L’Ape musicale

rivista di musica, arti, cultura

 

Polifonie lunari

 di Carla Monni

Secondo concerto del Bologna Jazz Festival all'Unipol Auditorium con il sassofonista post bop Mark Turner, considerato uno dei migliori creatori e improvvisatori della scena jazz attuale, circondato da tre eccellenti musicisti, il trombettista Avishai Cohen, il bassista Joe Martin e il batterista Obed Calvaire.

Bologna, 6 novembre 2015 – Lathe of Heaven, letteralmente Falce dei cieli, questo è il titolo dell'album – inciso dall'etichetta discografica ECM – preso in prestito dal nome del libro di fantascienza pubblicato nel 1971 dalla scrittrice americana Ursula K. Le Guin, e che vede protagonista Mark Turner e il suo quartetto, un progetto lanciato nel 2014, che ha raggiunto grande visibilità internazionale e che la scorsa sera anche il pubblico bolognese ha avuto modo di ascoltare.

Il disco – al pari dell'omonimo romanzo – suscita un certo alone di mistero, dove i musicisti attraversano un viaggio magico senza meta, il cui itinerario è accuratamente costruito da suoni morbidi e avvolgenti, che trascinano lo spettatore dentro un sogno, contornato da un jazz denso e intriso di blues, come nel brano Sonnet for Stevie, un tributo a Stevie Wonder.
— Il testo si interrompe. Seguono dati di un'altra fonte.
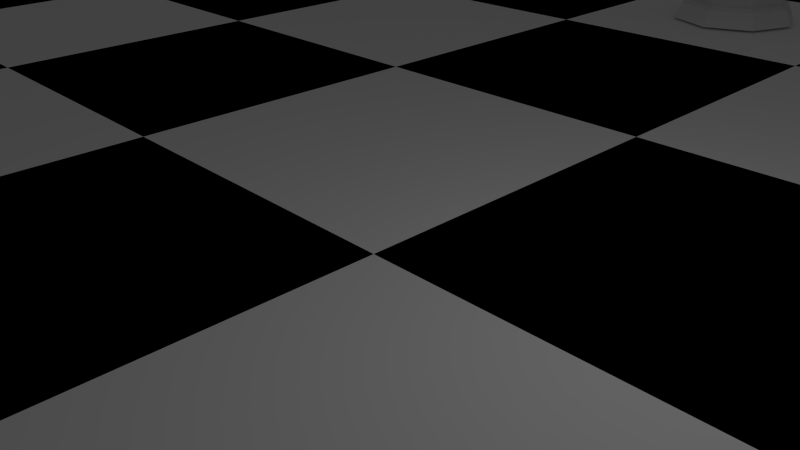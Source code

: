# Source: ChessScene.blend  (saved by Blender 2.75.0; exported with 4.5.12 LTS)
import bpy
from mathutils import Matrix  # noqa: F401  (used for matrix-valued properties, if any)

bpy.ops.wm.read_factory_settings(use_empty=True)
scene = bpy.context.scene
scene.name = 'Scene'

# ---- collections
col_collection_1 = bpy.data.collections.new('Collection 1'); scene.collection.children.link(col_collection_1)

# ---- materials (node trees are filled in below, after node groups)
mat_white_square = bpy.data.materials.new('White Square')
mat_white_square.alpha_threshold = 0.0
mat_white_square.use_transparent_shadow = False
mat_white_square.diffuse_color = (1.0, 1.0, 1.0, 1.0)
mat_white_square.roughness = 0.5
mat_white_square.line_color = (0.0, 0.0, 0.0, 1.0)
mat_black_square = bpy.data.materials.new('Black Square')
mat_black_square.alpha_threshold = 0.0
mat_black_square.use_transparent_shadow = False
mat_black_square.diffuse_color = (0.0, 0.0, 0.0, 1.0)
mat_black_square.roughness = 0.5

# ---- material node trees

# ---- world
world_world = bpy.data.worlds.new('World'); scene.world = world_world
world_world.color = (0.05088, 0.05088, 0.05088)
world_world.use_sun_shadow = False
world_world.sun_shadow_jitter_overblur = 0.0
world_world.cycles.sampling_method = 'MANUAL'
world_world.cycles.sample_map_resolution = 256

# ---- cameras
cam_camera = bpy.data.cameras.new('Camera')
cam_camera.clip_end = 100.0
cam_camera.lens = 35.0
cam_camera.sensor_width = 32.0
cam_camera.sensor_height = 18.0
cam_camera.ortho_scale = 7.314
cam_camera.dof.focus_distance = 0.0
cam_camera.dof.aperture_fstop = 128.0

# ---- lights
light_lamp = bpy.data.lights.new('Lamp', 'POINT')
light_lamp.transmission_factor = 0.0
light_lamp.cutoff_distance = 30.0
light_lamp.energy = 100.0
light_lamp.shadow_buffer_clip_start = 1.001
light_lamp.shadow_soft_size = 0.1
light_lamp.shadow_maximum_resolution = 0.006
light_lamp.use_absolute_resolution = True
light_lamp.cycles.use_multiple_importance_sampling = False

# ---- meshes
me_cylinder_001 = bpy.data.meshes.new('Cylinder.001')
me_cylinder_001.from_pydata([(-0.5521, 0.0, 3.586), (-0.7484, 1.42e-09, 4.453), (-0.6377, 0.2641, 4.447), (-0.6405, 0.2662, 4.463), (-0.5309, 0.5309, 4.463), (-0.3904, 0.3904, 3.586), (-0.4785, 0.4785, 3.424), (-0.6767, 8.546e-07, 3.424), (-0.3904, -0.3904, 3.586), (-0.5309, -0.5309, 4.463), (-0.7328, -0.04335, 4.463), (-0.4171, 0.3259, 5.009), (-0.3904, 0.3904, 5.009), (1.49e-08, 0.7507, 4.463), (1.341e-07, 0.5521, 3.586), (1.932e-07, 0.6767, 3.424), (-0.3939, 0.3939, 3.338), (-0.557, 7.918e-07, 3.338), (-0.4785, -0.4785, 3.424), (1.341e-07, -0.5521, 3.586), (1.49e-08, -0.7507, 4.463), (-0.3904, -0.3904, 5.009), (-0.5521, 0.0, 5.009), (-0.6162, 4.635e-10, 4.833), (-0.7007, -0.1055, 4.48), (-0.332, 0.332, 5.085), (1.341e-07, 0.5521, 5.009), (0.5309, 0.5309, 4.463), (0.3904, 0.3904, 3.586), (0.4785, 0.4785, 3.424), (1.533e-07, 0.557, 3.338), (-0.6175, 0.6175, 3.18), (-0.8733, 1.013e-06, 3.18), (-0.3939, -0.3939, 3.338), (-1.326e-07, -0.6767, 3.424), (0.3904, -0.3904, 3.586), (0.5309, -0.5309, 4.463), (1.341e-07, -0.5521, 5.009), (1.49e-08, -5.96e-08, 5.517), (-0.532, 0.0487, 5.009), (8.696e-08, 0.3337, 5.21), (0.3904, 0.3904, 5.009), (0.7507, 1.437e-09, 4.463), (0.5521, 0.0, 3.586), (0.6767, 3.659e-07, 3.424), (0.3939, 0.3939, 3.338), (1.341e-07, 0.8733, 3.18), (-0.3656, 0.3656, 3.043), (-0.5171, 7.749e-07, 3.043), (-0.6175, -0.6175, 3.18), (-9.742e-08, -0.557, 3.338), (0.4785, -0.4785, 3.424), (0.3904, -0.3904, 5.009), (-0.1218, 0.1218, 5.358), (0.3088, 0.3088, 5.116), (0.432, 0.2902, 5.009), (0.5339, 0.2554, 4.769), (0.6184, 4.795e-10, 4.827), (0.557, 3.495e-07, 3.338), (0.6175, 0.6175, 3.18), (1.341e-07, 0.5171, 3.043), (-0.5298, 0.5298, 1.326), (-0.7493, 9.537e-07, 1.326), (-0.3656, -0.3656, 3.043), (-2.235e-07, -0.8733, 3.18), (0.3939, -0.3939, 3.338), (0.5699, -0.1149, 4.83), (0.5301, -0.05316, 5.009), (4.174e-08, 0.1243, 5.402), (0.8733, 2.384e-07, 3.18), (0.3656, 0.3656, 3.043), (1.341e-07, 0.7493, 1.326), (-0.9242, 1.073e-06, 1.227), (-0.6535, 0.6535, 1.227), (-0.5298, -0.5298, 1.326), (-1.043e-07, -0.5171, 3.043), (0.6175, -0.6175, 3.18), (0.4111, -1.523e-08, 5.139), (0.1064, 0.1064, 5.378), (0.5171, 3.576e-07, 3.043), (0.5298, 0.5298, 1.326), (1.341e-07, 0.9242, 1.227), (-1.029, 1.132e-06, 1.062), (-0.7279, 0.7279, 1.062), (-0.6535, -0.6535, 1.227), (-1.043e-07, -0.7493, 1.326), (0.3656, -0.3656, 3.043), (0.7493, 2.98e-07, 1.326), (0.6535, 0.6535, 1.227), (1.49e-08, 1.029, 1.062), (-1.349, 1.371e-06, 0.7824), (-0.954, 0.954, 0.7824), (-0.7279, -0.7279, 1.062), (-2.235e-07, -0.9242, 1.227), (0.5298, -0.5298, 1.326), (0.9242, 2.384e-07, 1.227), (0.7279, 0.7279, 1.062), (1.49e-08, 1.349, 0.7824), (-1.145, 1.192e-06, 0.4545), (-0.8098, 0.8098, 0.4545), (-0.954, -0.954, 0.7824), (-2.235e-07, -1.029, 1.062), (0.6535, -0.6535, 1.227), (1.029, 2.384e-07, 1.062), (0.954, 0.954, 0.7824), (1.49e-08, 1.145, 0.4545), (-1.326, 1.311e-06, 0.3778), (-0.9379, 0.9379, 0.3778), (-0.8098, -0.8098, 0.4545), (-4.619e-07, -1.349, 0.7824), (0.7279, -0.7279, 1.062), (1.349, 1.192e-07, 0.7824), (0.8098, 0.8098, 0.4545), (1.49e-08, 1.326, 0.3778), (-1.5, 1.431e-06, -7.391e-06), (-1.061, 1.061, -7.391e-06), (-0.9379, -0.9379, 0.3778), (-3.427e-07, -1.145, 0.4545), (0.954, -0.954, 0.7824), (1.145, 1.788e-07, 0.4545), (0.9379, 0.9379, 0.3778), (1.49e-08, 1.5, -7.391e-06), (-4.619e-07, -1.5, -7.391e-06), (-1.061, -1.061, -7.391e-06), (1.061, 1.061, -7.391e-06), (1.5, 1.192e-07, -7.391e-06), (1.061, -1.061, -7.391e-06), (-3.427e-07, -1.326, 0.3778), (0.8098, -0.8098, 0.4545), (1.326, 1.788e-07, 0.3778), (0.9379, -0.9379, 0.3778), (-0.1559, -1.863e-09, 5.607), (-0.1559, -1.863e-09, 5.787), (-0.1102, 0.1102, 5.787), (-0.1102, 0.1102, 5.607), (-0.1102, -0.1102, 5.607), (-0.1102, -0.1102, 5.787), (-9.313e-10, -1.304e-08, 5.877), (4.657e-09, 0.1559, 5.787), (4.657e-09, 0.1559, 5.607), (4.657e-09, -0.1559, 5.607), (4.657e-09, -0.1559, 5.787), (0.1102, 0.1102, 5.787), (0.1102, 0.1102, 5.607), (0.1102, -0.1102, 5.607), (0.1102, -0.1102, 5.787), (0.1559, 3.725e-09, 5.787), (0.1559, 3.725e-09, 5.607)], [], [(0, 1, 2, 3, 4, 5), (5, 6, 7, 0), (1, 0, 8, 9, 10), (11, 12, 4, 3), (5, 4, 13, 14), (14, 15, 6, 5), (16, 17, 7, 6), (0, 7, 18, 8), (19, 20, 9, 8), (9, 21, 22, 23, 24, 10), (25, 12, 11), (4, 12, 26, 13), (14, 13, 27, 28), (28, 29, 15, 14), (30, 16, 6, 15), (31, 32, 17, 16), (17, 33, 18, 7), (8, 18, 34, 19), (35, 36, 20, 19), (20, 37, 21, 9), (21, 38, 22), (23, 22, 39), (12, 25, 40, 26), (13, 26, 41, 27), (28, 27, 42, 43), (43, 44, 29, 28), (45, 30, 15, 29), (46, 31, 16, 30), (47, 48, 32, 31), (32, 49, 33, 17), (33, 50, 34, 18), (19, 34, 51, 35), (43, 42, 36, 35), (36, 52, 37, 20), (37, 38, 21), (22, 38, 53, 39), (26, 40, 54, 41), (27, 41, 55, 56, 57, 42), (35, 51, 44, 43), (58, 45, 29, 44), (59, 46, 30, 45), (60, 47, 31, 46), (61, 62, 48, 47), (48, 63, 49, 32), (49, 64, 50, 33), (50, 65, 51, 34), (42, 57, 66, 67, 52, 36), (52, 38, 37), (53, 38, 68), (41, 54, 55), (65, 58, 44, 51), (69, 59, 45, 58), (70, 60, 46, 59), (71, 61, 47, 60), (72, 62, 61, 73), (62, 74, 63, 48), (63, 75, 64, 49), (64, 76, 65, 50), (77, 38, 52, 67), (68, 38, 78), (76, 69, 58, 65), (79, 70, 59, 69), (80, 71, 60, 70), (73, 61, 71, 81), (82, 72, 73, 83), (84, 74, 62, 72), (74, 85, 75, 63), (75, 86, 76, 64), (78, 38, 77), (86, 79, 69, 76), (87, 80, 70, 79), (81, 71, 80, 88), (83, 73, 81, 89), (90, 82, 83, 91), (92, 84, 72, 82), (93, 85, 74, 84), (85, 94, 86, 75), (94, 87, 79, 86), (88, 80, 87, 95), (89, 81, 88, 96), (91, 83, 89, 97), (98, 90, 91, 99), (100, 92, 82, 90), (101, 93, 84, 92), (102, 94, 85, 93), (95, 87, 94, 102), (96, 88, 95, 103), (97, 89, 96, 104), (99, 91, 97, 105), (106, 98, 99, 107), (108, 100, 90, 98), (109, 101, 92, 100), (110, 102, 93, 101), (103, 95, 102, 110), (104, 96, 103, 111), (105, 97, 104, 112), (107, 99, 105, 113), (114, 106, 107, 115), (116, 108, 98, 106), (117, 109, 100, 108), (118, 110, 101, 109), (111, 103, 110, 118), (112, 104, 111, 119), (113, 105, 112, 120), (115, 107, 113, 121), (122, 123, 114, 115, 121, 124, 125, 126), (123, 116, 106, 114), (127, 117, 108, 116), (128, 118, 109, 117), (119, 111, 118, 128), (120, 112, 119, 129), (121, 113, 120, 124), (126, 130, 127, 122), (122, 127, 116, 123), (124, 120, 129, 125), (125, 129, 130, 126), (130, 128, 117, 127), (129, 119, 128, 130), (24, 23, 39, 53, 68, 78, 77, 67, 66), (66, 57, 56, 2, 1, 10, 24), (56, 55, 54, 40, 25, 11, 3, 2), (131, 132, 133, 134), (38, 131, 134), (135, 136, 132, 131), (132, 137, 133), (134, 133, 138, 139), (38, 134, 139), (38, 135, 131), (140, 141, 136, 135), (136, 137, 132), (133, 137, 138), (139, 138, 142, 143), (38, 139, 143), (38, 140, 135), (144, 145, 141, 140), (141, 137, 136), (138, 137, 142), (143, 142, 146, 147), (38, 143, 147), (38, 144, 140), (147, 146, 145, 144), (145, 137, 141), (142, 137, 146), (38, 147, 144), (146, 137, 145)])
me_cylinder_001.materials.append(None)
me_cylinder_001.use_remesh_preserve_volume = False
me_cylinder_001.use_remesh_preserve_attributes = False
me_cylinder_001.use_mirror_vertex_groups = False
me_cylinder_001.update()
me_cylinder = bpy.data.meshes.new('Cylinder')
me_cylinder.from_pydata([(-0.5521, 0.0, 3.46), (-0.7809, 0.0, 2.908), (-0.5521, 0.0, 2.356), (-0.3904, 0.3904, 3.46), (-0.5521, 0.5521, 2.908), (-0.3904, 0.3904, 2.356), (6.654e-08, 0.5521, 3.46), (4.327e-08, 0.7809, 2.908), (6.654e-08, 0.5521, 2.356), (0.3904, 0.3904, 3.46), (0.5521, 0.5521, 2.908), (0.3904, 0.3904, 2.356), (0.5521, 2.5e-08, 3.46), (0.7809, 1.728e-09, 2.908), (0.5521, 2.5e-08, 2.356), (0.3904, -0.3904, 3.46), (0.5521, -0.5521, 2.908), (0.3904, -0.3904, 2.356), (6.826e-08, 0.0, 2.127), (6.654e-08, -0.5521, 3.46), (4.327e-08, -0.7809, 2.908), (6.654e-08, -0.5521, 2.356), (1.999e-08, -4.827e-08, 3.689), (-0.3904, -0.3904, 3.46), (-0.5521, -0.5521, 2.908), (-0.3904, -0.3904, 2.356), (6.44e-08, 0.7493, 0.3441), (0.5298, 0.5298, 0.3441), (0.7493, 2.847e-07, 0.3441), (0.5298, -0.5298, 0.3441), (-1.674e-07, -0.7493, 0.3441), (-0.5298, -0.5298, 0.3441), (-0.7493, 9.487e-07, 0.3441), (-0.5298, 0.5298, 0.3441), (5.552e-08, 1.029, 0.1173), (0.7279, 0.7279, 0.1173), (1.029, 2.343e-07, 0.1173), (0.7279, -0.7279, 0.1173), (-2.799e-07, -1.029, 0.1173), (-0.7279, -0.7279, 0.1173), (-1.029, 1.151e-06, 0.1173), (-0.7279, 0.7279, 0.1173), (2.047e-08, 1.326, -0.5669), (0.0, 1.5, -0.9448), (1.061, 1.061, -0.9448), (0.9379, 0.9379, -0.5669), (1.5, 1.132e-07, -0.9448), (1.326, 1.579e-07, -0.5669), (1.061, -1.061, -0.9448), (0.9379, -0.9379, -0.5669), (-4.888e-07, -1.5, -0.9448), (-4.117e-07, -1.326, -0.5669), (-1.061, -1.061, -0.9448), (-0.9379, -0.9379, -0.5669), (-1.5, 1.448e-06, -0.9448), (-1.326, 1.339e-06, -0.5669), (-1.061, 1.061, -0.9448), (-0.9379, 0.9379, -0.5669), (4.075e-08, 1.145, -0.4902), (0.8098, 0.8098, -0.4902), (1.145, 1.998e-07, -0.4902), (0.8098, -0.8098, -0.4902), (-3.325e-07, -1.145, -0.4902), (-0.8098, -0.8098, -0.4902), (-1.145, 1.22e-06, -0.4902), (-0.8098, 0.8098, -0.4902), (1.07e-08, 1.349, -0.1624), (0.954, 0.954, -0.1624), (1.349, 1.485e-07, -0.1624), (0.954, -0.954, -0.1624), (-4.292e-07, -1.349, -0.1624), (-0.954, -0.954, -0.1624), (-1.349, 1.349e-06, -0.1624), (-0.954, 0.954, -0.1624), (6.591e-08, 0.9242, 0.2819), (0.6535, 0.6535, 0.2819), (0.9242, 2.616e-07, 0.2819), (0.6535, -0.6535, 0.2819), (-2.352e-07, -0.9242, 0.2819), (-0.6535, -0.6535, 0.2819), (-0.9242, 1.084e-06, 0.2819), (-0.6535, 0.6535, 0.2819), (-0.3656, -0.3656, 1.859), (-0.5171, 7.932e-07, 1.859), (-7.105e-08, -0.5171, 1.859), (-0.3656, 0.3656, 1.859), (8.889e-08, 0.5171, 1.859), (0.3656, -0.3656, 1.859), (0.5171, 3.35e-07, 1.859), (0.3656, 0.3656, 1.859), (-0.6175, -0.6175, 1.997), (-0.8733, 1.032e-06, 1.997), (-2.091e-07, -0.8733, 1.997), (-0.6175, 0.6175, 1.997), (6.108e-08, 0.8733, 1.997), (0.6175, -0.6175, 1.997), (0.8733, 2.578e-07, 1.997), (0.6175, 0.6175, 1.997), (-0.1751, -0.1751, 2.24), (-0.2476, 6.128e-07, 2.24), (2.079e-08, -0.2476, 2.24), (-0.1751, 0.1751, 2.24), (9.739e-08, 0.2476, 2.24), (0.1751, -0.1751, 2.24), (0.2476, 3.934e-07, 2.24), (0.1751, 0.1751, 2.24)], [], [(2, 1, 4, 5), (1, 0, 3, 4), (5, 4, 7, 8), (4, 3, 6, 7), (8, 7, 10, 11), (7, 6, 9, 10), (11, 10, 13, 14), (10, 9, 12, 13), (14, 13, 16, 17), (13, 12, 15, 16), (17, 16, 20, 21), (16, 15, 19, 20), (20, 19, 23, 24), (21, 20, 24, 25), (0, 22, 3), (18, 2, 5), (3, 22, 6), (18, 5, 8), (6, 22, 9), (18, 8, 11), (9, 22, 12), (18, 11, 14), (12, 22, 15), (18, 14, 17), (15, 22, 19), (18, 17, 21), (19, 22, 23), (18, 21, 25), (18, 25, 2), (24, 23, 0, 1), (25, 24, 1, 2), (23, 22, 0), (75, 27, 28, 76), (80, 32, 33, 81), (39, 79, 80, 40), (74, 26, 27, 75), (81, 33, 26, 74), (44, 45, 47, 46), (51, 62, 63, 53), (53, 63, 64, 55), (77, 29, 30, 78), (76, 28, 29, 77), (79, 31, 32, 80), (78, 30, 31, 79), (46, 47, 49, 48), (64, 72, 73, 65), (65, 73, 66, 58), (48, 49, 51, 50), (58, 66, 67, 59), (59, 67, 68, 60), (50, 51, 53, 52), (62, 70, 71, 63), (60, 68, 69, 61), (52, 53, 55, 54), (63, 71, 72, 64), (61, 69, 70, 62), (68, 36, 37, 69), (73, 41, 34, 66), (72, 40, 41, 73), (67, 35, 36, 68), (66, 34, 35, 67), (54, 55, 57, 56), (55, 64, 65, 57), (57, 65, 58, 42), (50, 52, 54, 56, 43, 44, 46, 48), (41, 81, 74, 34), (70, 38, 39, 71), (69, 37, 38, 70), (40, 80, 81, 41), (71, 39, 40, 72), (56, 57, 42, 43), (42, 58, 59, 45), (45, 59, 60, 47), (49, 61, 62, 51), (47, 60, 61, 49), (43, 42, 45, 44), (36, 76, 77, 37), (37, 77, 78, 38), (34, 74, 75, 35), (35, 75, 76, 36), (38, 78, 79, 39), (28, 27, 89, 88), (82, 84, 92, 90), (33, 32, 83, 85), (30, 29, 87, 84), (26, 33, 85, 86), (32, 31, 82, 83), (27, 26, 86, 89), (29, 28, 88, 87), (31, 30, 84, 82), (97, 94, 102, 105), (88, 89, 97, 96), (84, 87, 95, 92), (85, 83, 91, 93), (83, 82, 90, 91), (89, 86, 94, 97), (87, 88, 96, 95), (86, 85, 93, 94), (98, 100, 103, 104, 105, 102, 101, 99), (95, 96, 104, 103), (94, 93, 101, 102), (90, 92, 100, 98), (96, 97, 105, 104), (92, 95, 103, 100), (93, 91, 99, 101), (91, 90, 98, 99)])
me_cylinder.materials.append(None)
me_cylinder.use_remesh_preserve_volume = False
me_cylinder.use_remesh_preserve_attributes = False
me_cylinder.use_mirror_vertex_groups = False
me_cylinder.update()
me_cube_001 = bpy.data.meshes.new('Cube.001')
me_cube_001.from_pydata([(-24.0, -24.0, 0.0), (-18.0, -24.0, 0.0), (-12.0, -24.0, 0.0), (-24.0, -18.0, 0.0), (-18.0, -18.0, 0.0), (-12.0, -18.0, 0.0), (-24.0, -12.0, 0.0), (-18.0, -12.0, 0.0), (-12.0, -12.0, 0.0), (-24.0, -12.0, 0.0), (-18.0, -12.0, 0.0), (-12.0, -12.0, 0.0), (-24.0, -6.0, 0.0), (-18.0, -6.0, 0.0), (-12.0, -6.0, 0.0), (-24.0, 8.774e-05, 0.0), (-18.0, 8.774e-05, 0.0), (-12.0, 8.774e-05, 0.0), (-24.0, 8.774e-05, 0.0), (-18.0, 8.774e-05, 0.0), (-12.0, 8.774e-05, 0.0), (-24.0, 6.0, 0.0), (-18.0, 6.0, 0.0), (-12.0, 6.0, 0.0), (-24.0, 12.0, 0.0), (-18.0, 12.0, 0.0), (-12.0, 12.0, 0.0), (-24.0, 12.0, 0.0), (-18.0, 12.0, 0.0), (-12.0, 12.0, 0.0), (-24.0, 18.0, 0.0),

Sono suoni cameristici che rapiscono l'ascoltatore – immerso in una realtà spettrale, quasi eterea – arazzi sonori di un racconto e validi canali per la creatività e l'espressività. Passaggi di raccoglimento e meditazione si alternano a sonorità furibonde e ricche di intensità, grazie al connubio perfetto della tromba di Cohen e il sax tenore di Turner – conversatori ideali dal registro impeccabile – artigiani di timbri poliedrici e abili oratori in Brother Sister 2.

Tutti i brani sono accomunati dalla polifonia solistica dei due fiati. L'esposizione dei temi è infatti solitamente interamente monodica, secondo la scia del tipico organico be bop o hard bop, in cui tromba e sax tenore suonano quasi sempre all'unisono o in ottava, come avviene in Ethan's Line, un esempio di jazz acustico in cui si avvicendano ritorni al tema iniziale e dialoghi incrociati fra Turner e Cohen, secondo un'esplicita libertà nella costruzione armonica e nell'improvvisazione, di matrice tipicamente coltraniana. Il contrappunto tra tromba e sax lancia gli interventi alternati fra i due strumenti melodici. In The Edenist dopo il tema si estende l'ipnotico solo di Cohen dalle lunghe linee introspettive, e di seguito quello di Turner che predilige le estese frasi piene di note – a volte sovraccariche – al pari dei suoi maestri Warne Marsh e Lee Konitz. Lathe of Heaven appare invece come una delicata fanfara che oscilla sulle note sinuose del sax.

A sostenere le melodie liriche e l'impetuosa improvvisazione, un'eccellente sezione ritmica formata da Joe Martin al contrabbasso e per l'occasione da Obed Calvaire alla batteria, capaci di raccogliere brillantemente le idee perspicaci – senza troppi artifici e in modo sempre equilibrato – dei due fiati, sviluppatori di motivi melodici e manipolatori di armonie e ritmi, come fa ugualmente George Orr, protagonista del romanzo fantascientifico, che crea e distrugge i diversi universi possibili, alla ricerca di un mondo perfetto desiderato.

Il quartetto ha saputo sapientemente veicolare il sound ereditato dalla tradizione bop e introdurre il pubblico dell'Unipol Auditorium all'interno del loro intimo e seducente microcosmo. Sembra proprio che per il Mark Turner Quartet, come per Orr, i sogni siano destinati ad avverarsi, spogliati per rivelare la più profonda verità – spesso familiare, altre volte inattesa – come il suono generato dallo stile jazzistico dei quattro musicisti.